Thanks Charles. I took the axel pump off, and I had the nut with the groove on the bottom. I will test it tommorow or the day after. 
Brian


----------



## Brian Tusin (Jul 26, 2008)

I just finished putting the axle pump back together and the cab together. Number 184 is complete, I hope I can steam it up tommorw, if not I will on Wensday. I will post some pics of it tommorow or Wensday. 
Brian


----------



## Semper Vaporo (Jan 2, 2008)

Well, ya shamed me into digging out the instructions to be sure I had not misled you. 

If you look at the diagram (assuming you have the same one I do) the Banjo Bolt 6B-12 is the one with the slot and it goes on the top and 6B-8 goes in the bottom. The top is denoted by being the longer end of the pump body. You have to really look at the drawing, but it does kind of show the slot in part 6B-12 and definitely does NOT show a slot in 6B-8. So I feel better now. I bet that was the problem, you were just supplying so much pressure from the hand pump in the tender that it blew out the (bathtub caulk) seal (the pumps are quite powerful!) It really should be relatively easy to work the tender hand pump... at least until you get 30 or 40 pounds of steam pressure in the boiler. 

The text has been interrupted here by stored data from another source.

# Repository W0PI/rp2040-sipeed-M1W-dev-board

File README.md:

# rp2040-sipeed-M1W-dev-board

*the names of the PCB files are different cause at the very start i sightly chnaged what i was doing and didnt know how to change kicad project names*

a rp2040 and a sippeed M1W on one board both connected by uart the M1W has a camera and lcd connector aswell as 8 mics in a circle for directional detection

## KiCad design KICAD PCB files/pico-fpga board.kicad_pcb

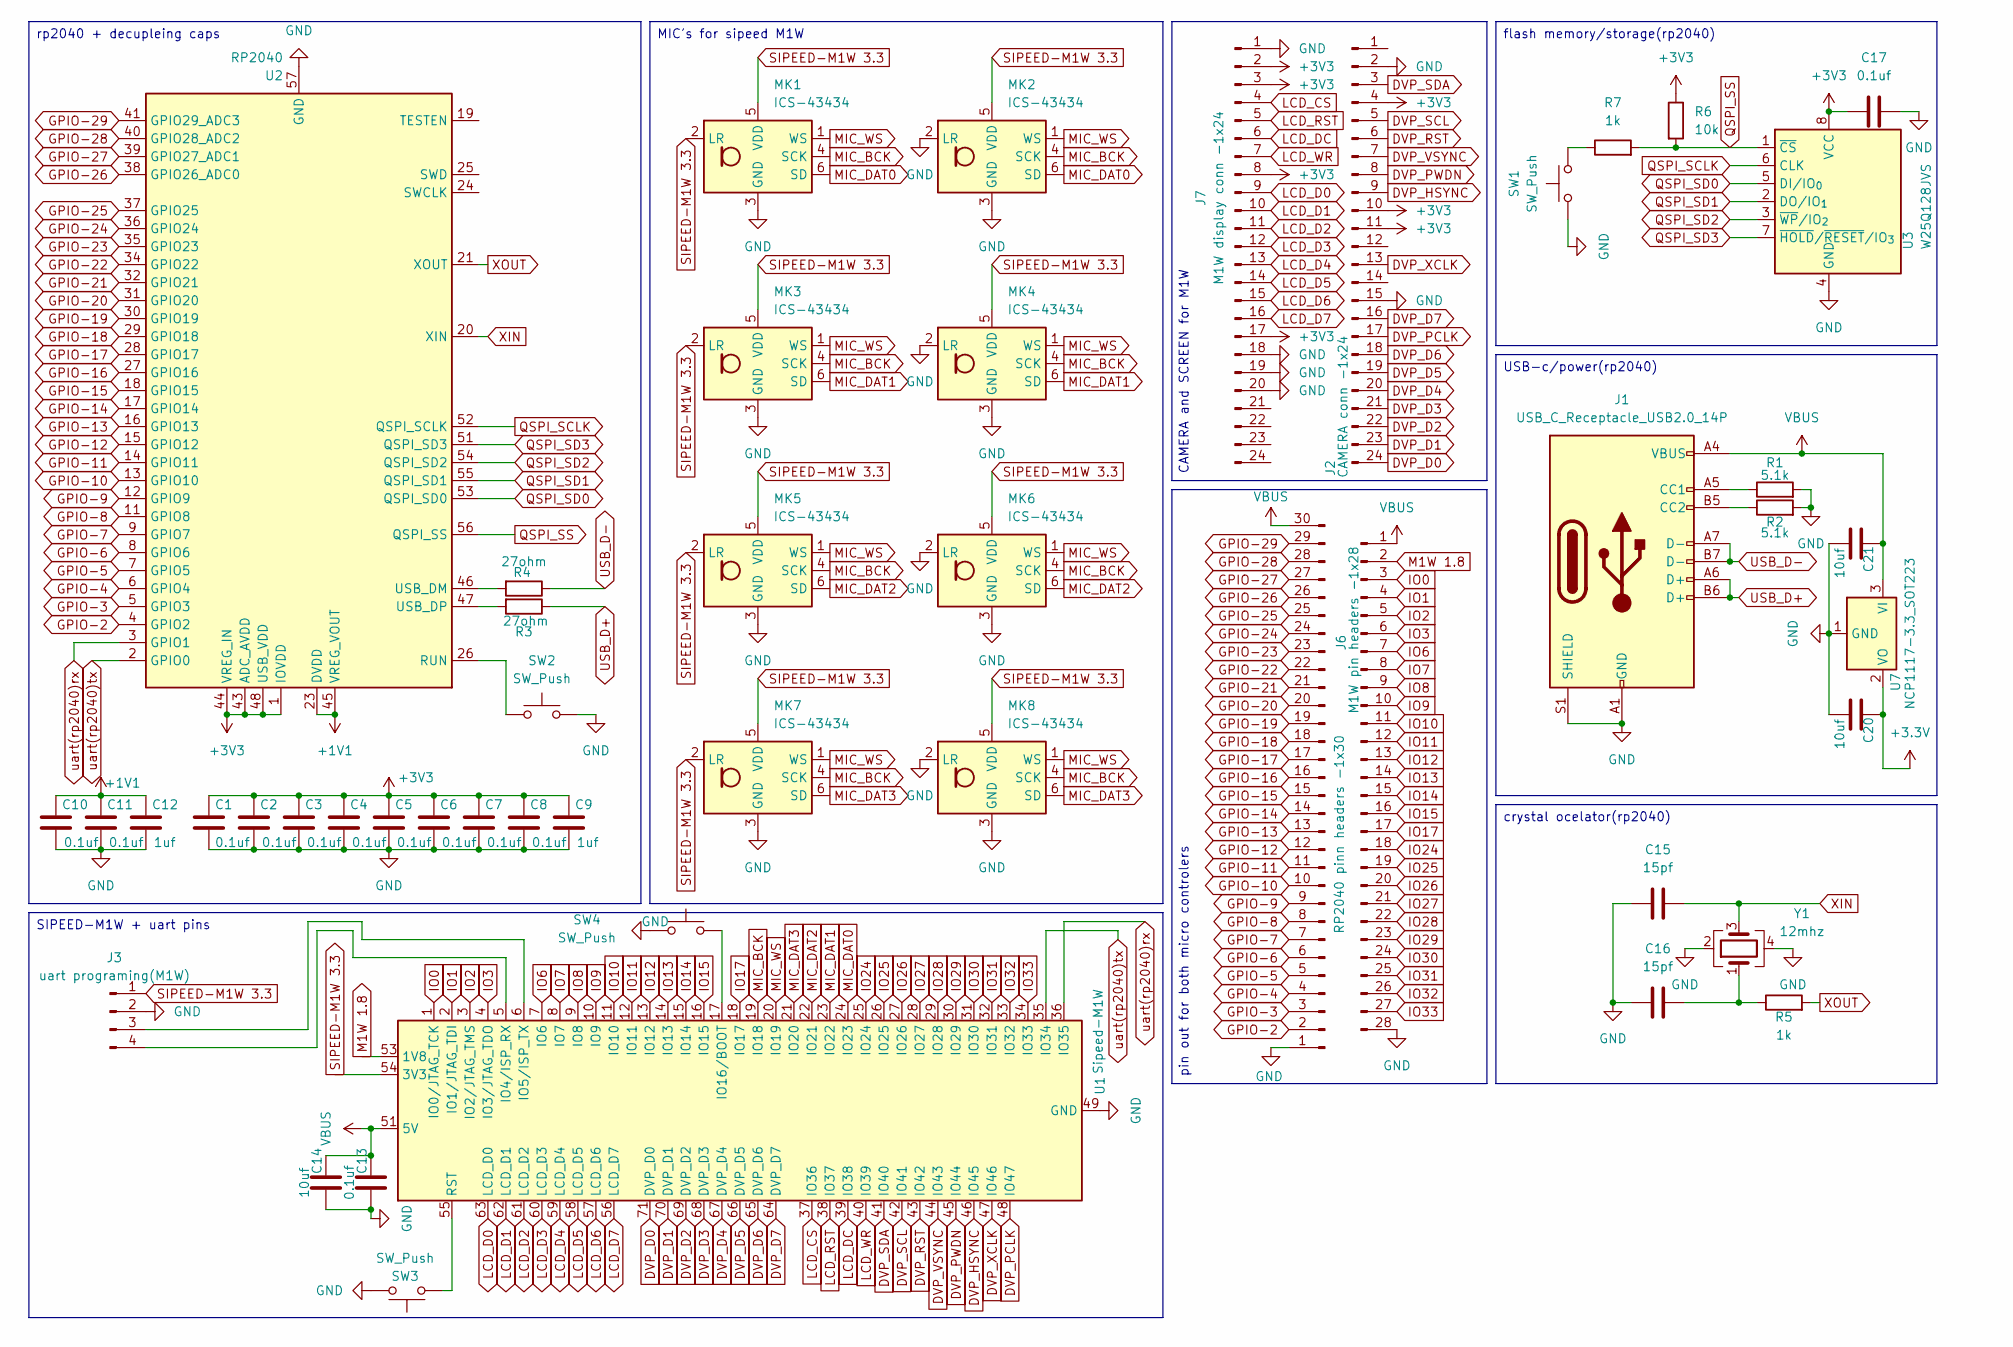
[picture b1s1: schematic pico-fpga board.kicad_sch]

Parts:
C1, C2, C3, C4, C5, C6, C7, C8, C10, C11, C13, C17: 0.1uf; 0805
C9, C12: 1uf; 0805
C14, C20, C21: 10uf; 0805
C15, C16: 15pf; 0805
J1: USB_C_Receptacle_USB2.0_14P; USB-C
J2: CAMERA conn -1x24; CAMERA conn
J3: uart programing(M1W); PinHeader_1x04_P2.54mm_Horizontal
J4: RP2040 pinn headers -1x30; PinHeader_1x30_P2.54mm_Vertical
J6: M1W pin headers -1x28; PinHeader_1x28_P2.54mm_Vertical
J7: M1W display conn -1x24; CAMERA conn
MK1, MK2, MK3, MK4, MK5, MK6, MK7, MK8: ICS-43434; InvenSense_ICS-43434-6_3.5x2.65mm
R1, R2: 5.1k; 0805
R3, R4: 27ohm; 0805
R5, R7: 1k; 0805
R6: 10k; 0805
SW1, SW2, SW3, SW4: SW_Push; button
U1: Sipeed-M1W
U2: RP2040; QFN-56-1EP_7x7mm_P0.4mm_EP3.2x3.2mm
U3: W25Q128JVS; SOIC-8_5.3x5.3mm_P1.27mm
U7: NCP1117-3.3_SOT223; SOT-223-3_TabPin2
Y1: 12mhz; 12mhz crystal

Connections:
+1V1: C10.1, C11.1, C12.1, U2.23 (DVDD), U2.45 (VREG_VOUT), U2.50 (DVDD)
+3.3V: C20.1, U7.2 (VO)
+3V3: C1.1, C2.1, C3.1, C4.1, C5.1, C6.1, C7.1, C8.1, C9.1, C17.1, J2.4, J2.10, J2.11, J7.2, J7.3, J7.8, J7.17, R6.1, U2.1 (IOVDD), U2.10 (IOVDD), U2.22 (IOVDD), U2.33 (IOVDD), U2.42 (IOVDD), U2.43 (ADC_AVDD), U2.44 (VREG_IN), U2.48 (USB_VDD), U2.49 (IOVDD), U3.8 (VCC)
DVP_D0: J2.24, U1.71 (DVP_D0)
DVP_D1: J2.23, U1.70 (DVP_D1)
DVP_D2: J2.22, U1.69 (DVP_D2)
DVP_D3: J2.21, U1.68 (DVP_D3)
DVP_D4: J2.20, U1.67 (DVP_D4)
DVP_D5: J2.19, U1.66 (DVP_D5)
DVP_D6: J2.18, U1.65 (DVP_D6)
DVP_D7: J2.16, U1.64 (DVP_D7)
DVP_HSYNC: J2.9, U1.46 (IO45)
DVP_PCLK: J2.17, U1.48 (IO47)
DVP_PWDN: J2.8, U1.45 (IO44)
DVP_RST: J2.6, U1.43 (IO42)
DVP_SCL: J2.5, U1.42 (IO41)
DVP_SDA: J2.3, U1.41 (IO40)
DVP_VSYNC: J2.7, U1.44 (IO43)
DVP_XCLK: J2.13, U1.47 (IO46)
GND: C1.2, C2.2, C3.2, C4.2, C5.2, C6.2, C7.2, C8.2, C9.2, C10.2, C11.2, C12.2, C13.1, C14.1, C15.1, C16.1, C17.2, C20.2, C21.2, J1.A1 (GND), J1.A12 (GND), J1.B1 (GND), J1.B12 (GND), J1.S1 (SHIELD), J2.2, J2.15, J3.2, J4.1, J6.28, J7.1, J7.18, J7.19, J7.20, MK1.3 (GND), MK2.2 (LR), MK2.3 (GND), MK3.3 (GND), MK4.2 (LR), MK4.3 (GND), MK5.3 (GND), MK6.2 (LR), MK6.3 (GND), MK7.3 (GND), MK8.2 (LR), MK8.3 (GND), R1.2, R2.2, SW1.1, SW2.2, SW3.2, SW4.1, U1.49 (GND), U1.50 (GND), U1.72 (GND), U2.57 (GND), U3.4 (GND), U7.1 (GND), Y1.2, Y1.4
GPIO-2: J4.2, U2.4 (GPIO2)
GPIO-3: J4.3, U2.5 (GPIO3)
GPIO-4: J4.4, U2.6 (GPIO4)
GPIO-5: J4.5, U2.7 (GPIO5)
GPIO-6: J4.6, U2.8 (GPIO6)
GPIO-7: J4.7, U2.9 (GPIO7)
GPIO-8: J4.8, U2.11 (GPIO8)
GPIO-9: J4.9, U2.12 (GPIO9)
GPIO-10: J4.10, U2.13 (GPIO10)
GPIO-11: J4.11, U2.14 (GPIO11)
GPIO-12: J4.12, U2.15 (GPIO12)
GPIO-13: J4.13, U2.16 (GPIO13)
GPIO-14: J4.14, U2.17 (GPIO14)
GPIO-15: J4.15, U2.18 (GPIO15)
GPIO-16: J4.16, U2.27 (GPIO16)
GPIO-17: J4.17, U2.28 (GPIO17)
GPIO-18: J4.18, U2.29 (GPIO18)
GPIO-19: J4.19, U2.30 (GPIO19)
GPIO-20: J4.20, U2.31 (GPIO20)
GPIO-21: J4.21, U2.32 (GPIO21)
GPIO-22: J4.22, U2.34 (GPIO22)
GPIO-23: J4.23, U2.35 (GPIO23)
GPIO-24: J4.24, U2.36 (GPIO24)
GPIO-25: J4.25, U2.37 (GPIO25)
GPIO-26: J4.26, U2.38 (GPIO26_ADC0)
GPIO-27: J4.27, U2.39 (GPIO27_ADC1)
GPIO-28: J4.28, U2.40 (GPIO28_ADC2)
GPIO-29: J4.29, U2.41 (GPIO29_ADC3)
IO0: J6.3, U1.1 (IO0/JTAG_TCK)
IO1: J6.4, U1.2 (IO1/JTAG_TDI)
IO2: J6.5, U1.3 (IO2/JTAG_TMS)
IO3: J6.6, U1.4 (IO3/JTAG_TDO)
IO6: J6.7, U1.7 (IO6)
IO7: J6.8, U1.8 (IO7)
IO8: J6.9, U1.9 (IO8)
IO9: J6.10, U1.10 (IO9)
IO10: J6.11, U1.11 (IO10)
IO11: J6.12, U1.12 (IO11)
IO12: J6.13, U1.13 (IO12)
IO13: J6.14, U1.14 (IO13)
IO14: J6.15, U1.15 (IO14)
IO15: J6.16, U1.16 (IO15)
IO17: J6.17, U1.18 (IO17)
IO24: J6.18, U1.25 (IO24)
IO25: J6.19, U1.26 (IO25)
IO26: J6.20, U1.27 (IO26)
IO27: J6.21, U1.28 (IO27)
IO28: J6.22, U1.29 (IO28)
IO29: J6.23, U1.30 (IO29)
IO30: J6.24, U1.31 (IO30)
IO31: J6.25, U1.32 (IO31)
IO32: J6.26, U1.33 (IO32)
IO33: J6.27, U1.34 (IO33)
LCD_CS: J7.4, U1.37 (IO36)
LCD_D0: J7.9, U1.63 (LCD_D0)
LCD_D1: J7.10, U1.62 (LCD_D1)
LCD_D2: J7.11, U1.61 (LCD_D2)
LCD_D3: J7.12, U1.60 (LCD_D3)
LCD_D4: J7.13, U1.59 (LCD_D4)
LCD_D5: J7.14, U1.58 (LCD_D5)
LCD_D6: J7.15, U1.57 (LCD_D6)
LCD_D7: J7.16, U1.56 (LCD_D7)
LCD_DC: J7.6, U1.39 (IO38)
LCD_RST: J7.5, U1.38 (IO37)
LCD_WR: J7.7, U1.40 (IO39)
M1W 1.8: J6.2, U1.53 (1V8)
MIC_BCK: MK1.4 (SCK), MK2.4 (SCK), MK3.4 (SCK), MK4.4 (SCK), MK5.4 (SCK), MK6.4 (SCK), MK7.4 (SCK), MK8.4 (SCK), U1.19 (IO18)
MIC_DAT0: MK1.6 (SD), MK2.6 (SD), U1.24 (IO23)
MIC_DAT1: MK3.6 (SD), MK4.6 (SD), U1.23 (IO22)
MIC_DAT2: MK5.6 (SD), MK6.6 (SD), U1.22 (IO21)
MIC_DAT3: MK7.6 (SD), MK8.6 (SD), U1.21 (IO20)
MIC_WS: MK1.1 (WS), MK2.1 (WS), MK3.1 (WS), MK4.1 (WS), MK5.1 (WS), MK6.1 (WS), MK7.1 (WS), MK8.1 (WS), U1.20 (IO19)
unnamed: C16.2, R5.1, Y1.1
unnamed: J1.A5 (CC1), R1.1
unnamed: J1.B5 (CC2), R2.1
unnamed: J3.3, U1.6 (IO5/ISP_TX)
unnamed: J3.4, U1.5 (IO4/ISP_RX)
unnamed: R7.1, SW1.2
unnamed: SW4.2, U1.17 (IO16/BOOT)
unnamed: SW3.1, U1.55 (RST)
unnamed: SW2.1, U2.26 (RUN)
unnamed: R4.2, U2.46 (USB_DM)
unnamed: R3.2, U2.47 (USB_DP)
QSPI_SCLK: U2.52 (QSPI_SCLK), U3.6 (CLK)
QSPI_SD0: U2.53 (QSPI_SD0), U3.5 (DI/IO_{0})
QSPI_SD1: U2.55 (QSPI_SD1), U3.2 (DO/IO_{1})
QSPI_SD2: U2.54 (QSPI_SD2), U3.3 (~WP/IO_{2})
QSPI_SD3: U2.51 (QSPI_SD3), U3.7 (~HOLD/~RESET/IO_{3})
QSPI_SS: R6.2, R7.2, U2.56 (QSPI_SS), U3.1 (~CS)
SIPEED-M1W 3.3: J3.1, MK1.2 (LR), MK1.5 (VDD), MK2.5 (VDD), MK3.2 (LR), MK3.5 (VDD), MK4.5 (VDD), MK5.2 (LR), MK5.5 (VDD), MK6.5 (VDD), MK7.2 (LR), MK7.5 (VDD), MK8.5 (VDD), U1.54 (3V3)
USB_D+: J1.A6 (D+), J1.B6 (D+), R3.1
USB_D-: J1.A7 (D-), J1.B7 (D-), R4.1
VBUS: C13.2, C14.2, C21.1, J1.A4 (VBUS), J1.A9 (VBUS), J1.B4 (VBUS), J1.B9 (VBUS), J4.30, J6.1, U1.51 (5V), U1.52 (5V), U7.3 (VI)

Another note (though maybe a bit late in your construction... sorry): 

The tender pump diagrams show the output and return pipes as being parallel to each other, but some folk say you have to cross them to get the correct pipe to the correct side of the engine, and commented on how difficult it was to cross the rigid pipes under the tender. 

Well, yes you do need to cross the connections, but I found it much better to cross the hoses at the tender-to-engine draw-bar, one below the draw-bar and one above, rather than cross the rigid copper pipes under the tender. I found that this eliminates the tendency of the hoses from the tender to the engine to kink and it makes the engine/tender connection much more flexible in curves. 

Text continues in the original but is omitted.